Winter 2023
Stanford University
This course is centered on extracting information from unstructured data in language and social networks using machine learning tools. It covers techniques like sentiment analysis, chatbot development, and social network analysis.
The online world has a vast array of unstructured information in the form of language and social networks. Learn how to make sense of it using neural networks and other machine learning tools, and how to interact with humans via language, from answering questions to giving advice!
CS106B. CS 107 can be helpful, but is fine if you haven't had it, we'll cover the required UNIX material. Math 51 can also be helpful, but isn't required, since we will introduce the basic vectors knowledge we need in the class.
Extracting meaning, information, and structure from human language text, speech, web pages, social networks. Introducing methods (string algorithms, edit distance, language modeling, machine learning, logistic regression, neural networks, neural embeddings, inverted indices, collaborative filtering, PageRank), applications (chatbots, sentiment analysis, information retrieval, text classification, social networks, recommender systems), and ethical issues.
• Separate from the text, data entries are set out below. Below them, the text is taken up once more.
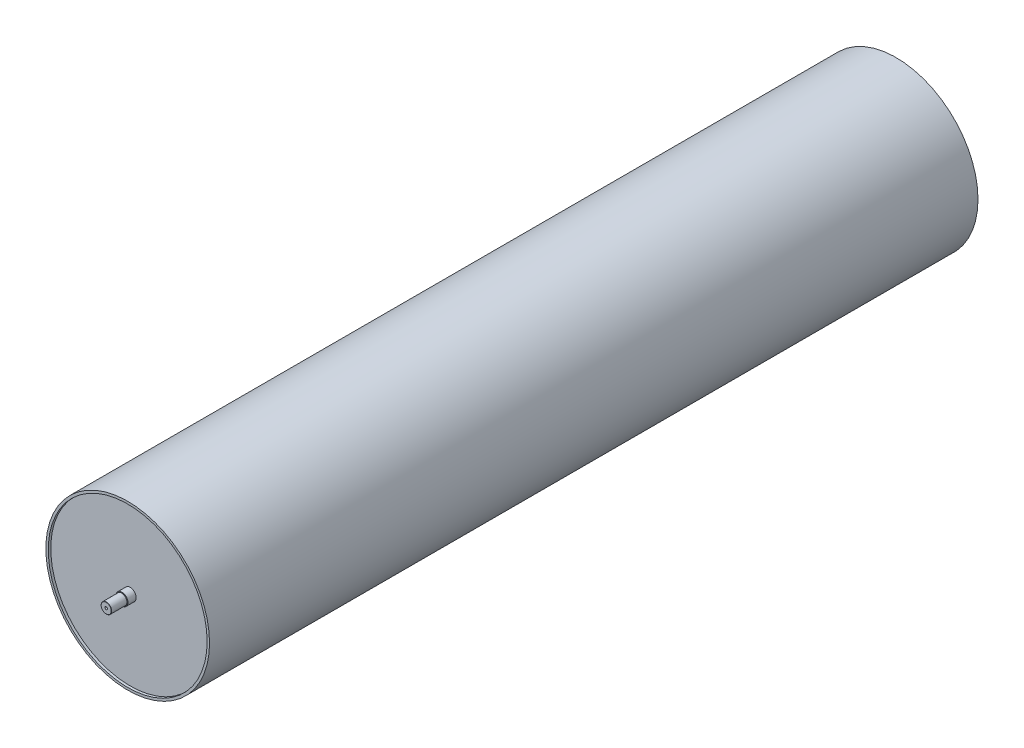
SolidWorks part; units mm, degrees
ref_plane "Front Plane" through (0, 0, 0) normal (0, 0, 1) x (1, 0, 0)
ref_plane "Top Plane" through (0, 0, 0) normal (0, 1, 0) x (1, 0, 0)
ref_plane "Right Plane" through (0, 0, 0) normal (1, 0, 0) x (0, 0, -1)
sketch "Sketch1" plane through (0, 0, 0) normal (0, 0, 1) x (1, 0, 0)
  circle A0 centre (0, 0) radius 165 construction
  circle A1 centre (0, 0) radius 158.7
  circle A2 centre (0, 0) radius 163.5
  dimension "D1" = 330
  dimension "D2" = 6.3
  dimension "D3" = 1.5
extrude "Boss-Extrude1" add sketch "Sketch1" along normal mid plane 1535
sketch "Sketch2" plane through (0, 0, 767.5) normal (0, 0, 1) x (1, 0, 0)
  circle A0 centre (0, 0) radius 158.7 construction
  circle A1 centre (0, 0) radius 158.7
extrude "Boss-Extrude2" add sketch "Sketch2" along normal blind 5 from offset 10 offset against normal yes
sketch "Sketch5" plane through (0, 0, 0) normal (1, 0, 0) x (0, 0, -1)
  line L0 (-779.5, 12) -> (779.5, 12)
  line L1 (779.5, 12) -> (779.5, 10.5)
  line L2 (779.5, 10.5) -> (810.5, 10.5)
  line L3 (810.5, 10.5) -> (810.5, 0)
  line L8 (810.5, 0) -> (-810.5, 0)
  line L9 (-810.5, 0) -> (-810.5, 10.5)
  line L14 (-810.5, 10.5) -> (-779.5, 10.5)
  line L15 (-779.5, 10.5) -> (-779.5, 12)
  line L16 (810.5, 0) -> (821, 0) construction
  line L18 (767.5, -163.5) -> (767.5, 163.5) construction
  point P20 (0, 12)
  dimension "D3" = 21
  dimension "D5" = 12
  dimension "D6" = 31
  dimension "D7" = 24
revolve "Revolve1" add sketch "Sketch5" angle 360 about L16
chamfer "Chamfer1" distance 0.5 4 edges at (0, -12, 779.5) (0, -12, -779.5) (0, -10.5, -810.5) (0, -10.5, 810.5)
hole_wizard "M6 Tapped Hole1" positions "Sketch6" profile "Sketch7" tap size "M6" standard "ISO"
sketch "Sketch6" plane through (0, 0, 810.5) normal (0, 0, 1) x (1, 0, 0)
  point P0 (0, 0)
sketch "Sketch7" plane through (0, 0, 810.5) normal (1, 0, 0) x (0, -1, 0)
  line L0 (0, 0) -> (0, 16.5022)
  line L1 (0, 16.5022) -> (2.5, 15)
  line L2 (2.5, 15) -> (2.5, 0)
  line L5 (2.5, 0) -> (0, 0)
  line L10 (0, 16.5022) -> (-2.5, 15) construction
  line L11 (0, -6.35) -> (0, 107.95) construction
  dimension "Tap Drill Dia." = 5
  dimension "Tap Drill Depth" = 15
  dimension "Drill Angle" = 118
cosmetic thread "Hole Thread1" parameters "D1"=12, "D2"=6
mirror "Mirror3" about plane through (0, 0, 0) normal (0, 0, 1) of "Boss-Extrude2"
sketch "Sketch8" plane through (0, 0, -810.5) normal (0, 0, -1) x (-1, 0, 0)
  circle A0 centre (0, 0) radius 7
  dimension "D1" = 14
extrude "Boss-Extrude3" add sketch "Sketch8" along normal blind 30
chamfer "Chamfer2" distance 0.5 1 edges at (0, 7, -840.5)
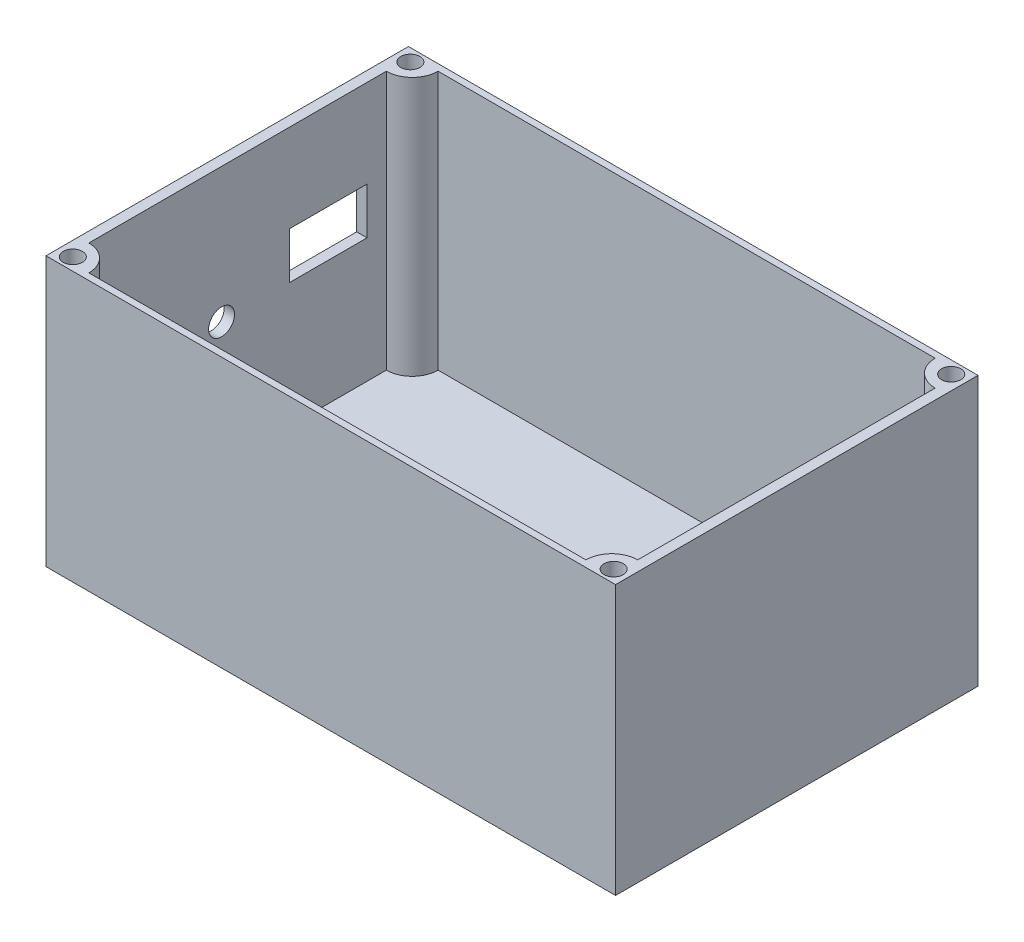
SolidWorks part; units mm, degrees
ref_plane "Ön Düzlem" through (0, 0, 0) normal (0, 0, 1) x (1, 0, 0)
ref_plane "Üst Düzlem" through (0, 0, 0) normal (0, 1, 0) x (1, 0, 0)
ref_plane "Sağ Düzlem" through (0, 0, 0) normal (1, 0, 0) x (0, 0, -1)
sketch "Çizim1" plane through (0, 0, 0) normal (0, 1, 0) x (1, 0, 0)
  line L1 (-55, -35) -> (55, -35)
  line L2 (-55, -35) -> (-55, 35)
  line L3 (-55, 35) -> (55, 35)
  line L4 (55, -35) -> (55, 35)
  line L5 (-55, -35) -> (55, 35) construction
  line L6 (-55, 35) -> (55, -35) construction
  point P0 (0, 0)
extrude "Yükseklik-Ekstrüzyon1" add sketch "Çizim1" along normal blind 2
sketch "Çizim2" plane through (0, 2, 0) normal (0, 1, 0) x (1, 0, 0)
  line L0 (-48.7817, 31.0429) -> (48.7817, -31.0429) construction
  line L1 (-55, -35) -> (55, -35)
  line L2 (-55, -35) -> (-55, 35)
  line L3 (-55, 35) -> (55, 35)
  line L4 (55, -35) -> (55, 35)
  line L6 (-55, 35) -> (-53, 33.7273) construction
  line L7 (-48, -33.7273) -> (48, -33.7273)
  line L8 (-53, -28.7273) -> (-53, 28.7273)
  line L9 (-48, 33.7273) -> (48, 33.7273)
  line L10 (53, -28.7273) -> (53, 28.7273)
  line L11 (-48.7817, -31.0429) -> (48.7817, 31.0429) construction
  line L12 (-48.7817, 31.0429) -> (48.7817, -31.0429) construction
  line L13 (-48.7817, -31.0429) -> (48.7817, 31.0429) construction
  arc A0 (-53, 28.7273) -> (-48, 33.7273) centre (-53, 33.7273) ccw
  arc A1 (-48, -33.7273) -> (-53, -28.7273) centre (-53, -33.7273) ccw
  arc A2 (53, -28.7273) -> (48, -33.7273) centre (53, -33.7273) ccw
  arc A3 (48, 33.7273) -> (53, 28.7273) centre (53, 33.7273) ccw
  point P0 (0, 0)
  point P5 (0, 0)
  dimension "D1" = 2
  dimension "D2" = 1.2727
extrude "Yükseklik-Ekstrüzyon2" add sketch "Çizim2" along normal blind 50
sketch "Çizim3" plane through (-55, 0, 0) normal (-1, 0, 0) x (0, 0, 1)
  circle A0 centre (21.6886, 26) radius 5.5
extrude "Kes-Ekstrüzyon1" cut sketch "Çizim3" against normal blind 13
sketch "Çizim4" plane through (-55, 0, 0) normal (-1, 0, 0) x (0, 0, 1)
  line L3 (-25, 26) -> (-25, 35)
  line L4 (-25, 35) -> (-10, 35)
  line L5 (-10, 35) -> (-10, 26)
  line L6 (-10, 26) -> (-25, 26)
  circle A1 centre (3.0943, 26) radius 2.5
extrude "Kes-Ekstrüzyon2" cut sketch "Çizim4" against normal blind 13
sketch "Çizim5" plane through (0, 52, 0) normal (0, 1, 0) x (1, 0, 0)
  circle A2 centre (-52.2322, 32.5959) radius 1.85
  circle A6 centre (52.2322, 32.5959) radius 1.85
  circle A7 centre (52.2322, -32.5959) radius 1.85
  circle A8 centre (-52.2322, -32.5959) radius 1.85
  point P13 (0, 0)
  dimension "D1" = 3.7
extrude "Kes-Ekstrüzyon3" cut sketch "Çizim5" against normal blind 67
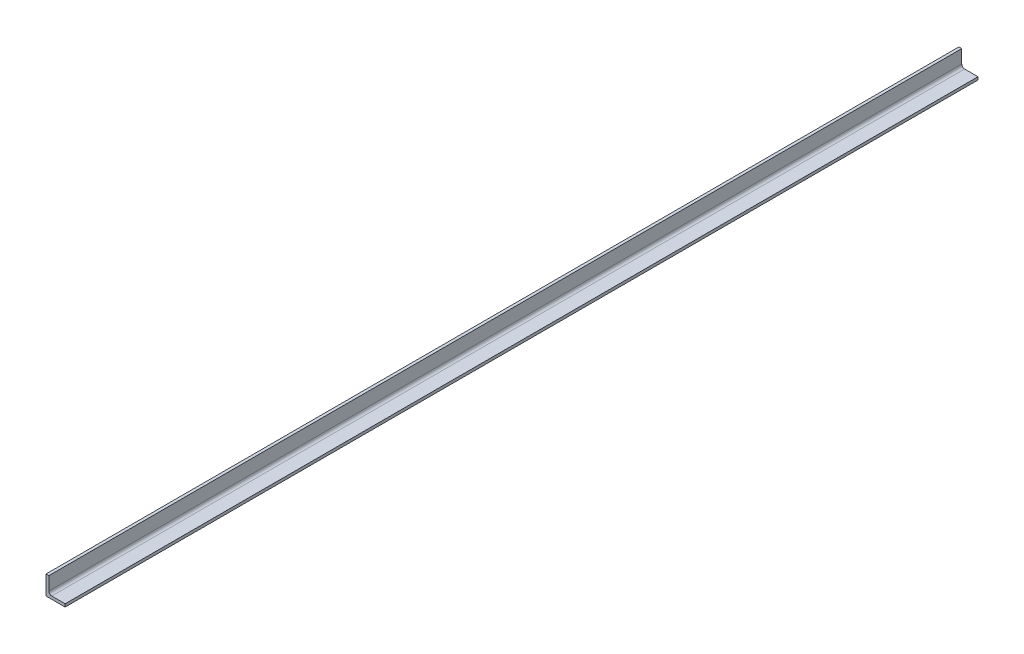
SolidWorks part; units mm, degrees
ref_plane "Plan de face" through (0, 0, 0) normal (0, 0, 1) x (1, 0, 0)
ref_plane "Plan de dessus" through (0, 0, 0) normal (0, 1, 0) x (1, 0, 0)
ref_plane "Plan de droite" through (0, 0, 0) normal (1, 0, 0) x (0, 0, -1)
sketch "Esquisse1" plane through (0, 0, 0) normal (0, 0, 1) x (1, 0, 0)
  line L0 (0, 0) -> (0, 20)
  line L1 (0, 20) -> (3, 20)
  line L2 (3, 20) -> (3, 6)
  line L3 (6, 3) -> (20, 3)
  line L4 (20, 3) -> (20, 0)
  line L5 (20, 0) -> (0, 0)
  arc A0 (3, 6) -> (6, 3) centre (6, 6) ccw
  dimension "D5" = 3
  dimension "D1" = 20
  dimension "D2" = 20
  dimension "D3" = 3
  dimension "D4" = 3
extrude "Boss.-Extru.1" add sketch "Esquisse1" along normal blind 955

There is no required textbook, but I'll expect you to know the textbook/reading material listed above, and will test it on the midterms.
Is 106B the only prereq? Do I need 109 or 221 before I take CS124? : 106B is the only prereq. Taking the course as a sophomore is recommended, but we also get lots of juniors and a reasonable number of frosh; the course is designed to be taken early in your Stanford career. It will help if you have at least done some programming beyond 106B, and is also useful to have had 107 or Math 51, but not required; we'll try to give you pointers to places to make up missing background.
Can I take this course as a non-CS grad student?: Yes, although this course is not appropriate for CS grad students (there are graduate versions of all the material in this course), it's very commonly taken by PhD students in the social sciences or humanities who plan to use text processing methods in their research.